▶ [Aim of the exercise]
Return all of the entries exactly, but do not include the pictures.

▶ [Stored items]
_ _ _

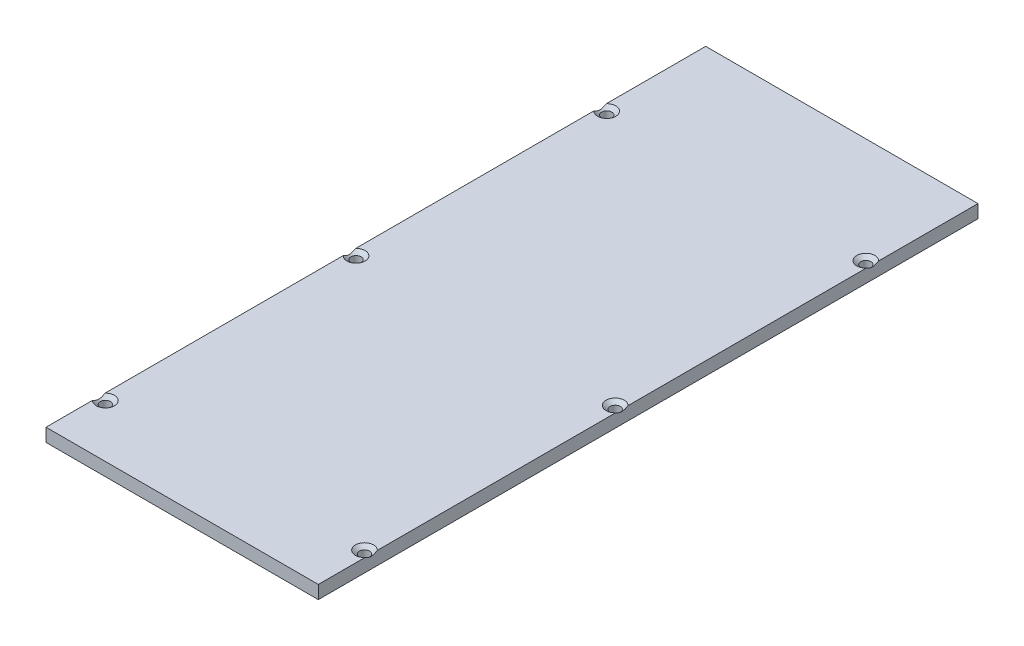
from build123d import *

# Parameters (mm, degrees)
SKETCH1_W                                         = 65.532
SKETCH1_H                                         = 158.75
EXTRUDE1_DEPTH                                    = 3.175
CSK_FOR_2_FLAT_HEAD_MACHINE_SCREW_100_D           = 2.4384
CSK_FOR_2_FLAT_HEAD_MACHINE_SCREW_100_CSINK_D     = 4.3688
CSK_FOR_2_FLAT_HEAD_MACHINE_SCREW_100_CSINK_ANGLE = 100
TAP_DRILL_FOR_2_TAP1_D                            = 1.778
TAP_DRILL_FOR_2_TAP1_DEPTH                        = 6.35
TAP_DRILL_FOR_2_TAP1_TIP                          = 0.53416509


with BuildPart() as part:
    # Sketch1 → Extrude1 (new body)
    with BuildSketch(Plane(origin=(0, 0, 0), x_dir=(1, 0, 0), z_dir=(0, 1, 0))):
        Rectangle(SKETCH1_W, SKETCH1_H)
    extrude(amount=EXTRUDE1_DEPTH)

    # CSK for #2 Flat Head Machine Screw (100)1 (through all)
    with Locations(Plane(origin=(-31.1785, 3.175, -53.975), x_dir=(0, 0, 1), z_dir=(0, 1, 0))):
        with Locations((0, 0), (120.65, 0), (60.325, 0), (0, 62.357), (60.325, 62.357), (120.65, 62.357)):
            CounterSinkHole(CSK_FOR_2_FLAT_HEAD_MACHINE_SCREW_100_D / 2, CSK_FOR_2_FLAT_HEAD_MACHINE_SCREW_100_CSINK_D / 2, counter_sink_angle=CSK_FOR_2_FLAT_HEAD_MACHINE_SCREW_100_CSINK_ANGLE)

    # Tap Drill for #2 Tap1
    with Locations(Plane(origin=(-26.416, 1.5875, -79.375), x_dir=(-1, 0, 0), z_dir=(0, 0, -1))):
        with Locations((0, 0), (-52.832, 0)):
            Hole(TAP_DRILL_FOR_2_TAP1_D / 2, depth=TAP_DRILL_FOR_2_TAP1_DEPTH)
            with Locations((0, 0, -(TAP_DRILL_FOR_2_TAP1_DEPTH + TAP_DRILL_FOR_2_TAP1_TIP / 2))):  # 118° drill point
                Cone(0, TAP_DRILL_FOR_2_TAP1_D / 2, TAP_DRILL_FOR_2_TAP1_TIP, mode=Mode.SUBTRACT)


solid = part.part

_ _ _

▶ [Answer space]
from build123d import *

# Parameters (mm, degrees)
SKETCH1_W                                         = 65.532
SKETCH1_H                                         = 158.75
EXTRUDE1_DEPTH                                    = 3.175
CSK_FOR_2_FLAT_HEAD_MACHINE_SCREW_100_D           = 2.4384
CSK_FOR_2_FLAT_HEAD_MACHINE_SCREW_100_CSINK_D     = 4.3688
CSK_FOR_2_FLAT_HEAD_MACHINE_SCREW_100_CSINK_ANGLE = 100
TAP_DRILL_FOR_2_TAP1_D                            = 1.778
TAP_DRILL_FOR_2_TAP1_DEPTH                        = 6.35
TAP_DRILL_FOR_2_TAP1_TIP                          = 0.53416509


with BuildPart() as part:
    # Sketch1 → Extrude1 (new body)
    with BuildSketch(Plane(origin=(0, 0, 0), x_dir=(1, 0, 0), z_dir=(0, 1, 0))):
        Rectangle(SKETCH1_W, SKETCH1_H)
    extrude(amount=EXTRUDE1_DEPTH)

    # CSK for #2 Flat Head Machine Screw (100)1 (through all)
    with Locations(Plane(origin=(-31.1785, 3.175, -53.975), x_dir=(0, 0, 1), z_dir=(0, 1, 0))):
        with Locations((0, 0), (120.65, 0), (60.325, 0), (0, 62.357), (60.325, 62.357), (120.65, 62.357)):
            CounterSinkHole(CSK_FOR_2_FLAT_HEAD_MACHINE_SCREW_100_D / 2, CSK_FOR_2_FLAT_HEAD_MACHINE_SCREW_100_CSINK_D / 2, counter_sink_angle=CSK_FOR_2_FLAT_HEAD_MACHINE_SCREW_100_CSINK_ANGLE)

    # Tap Drill for #2 Tap1
    with Locations(Plane(origin=(-26.416, 1.5875, -79.375), x_dir=(-1, 0, 0), z_dir=(0, 0, -1))):
        with Locations((0, 0), (-52.832, 0)):
            Hole(TAP_DRILL_FOR_2_TAP1_D / 2, depth=TAP_DRILL_FOR_2_TAP1_DEPTH)
            with Locations((0, 0, -(TAP_DRILL_FOR_2_TAP1_DEPTH + TAP_DRILL_FOR_2_TAP1_TIP / 2))):  # 118° drill point
                Cone(0, TAP_DRILL_FOR_2_TAP1_D / 2, TAP_DRILL_FOR_2_TAP1_TIP, mode=Mode.SUBTRACT)


solid = part.part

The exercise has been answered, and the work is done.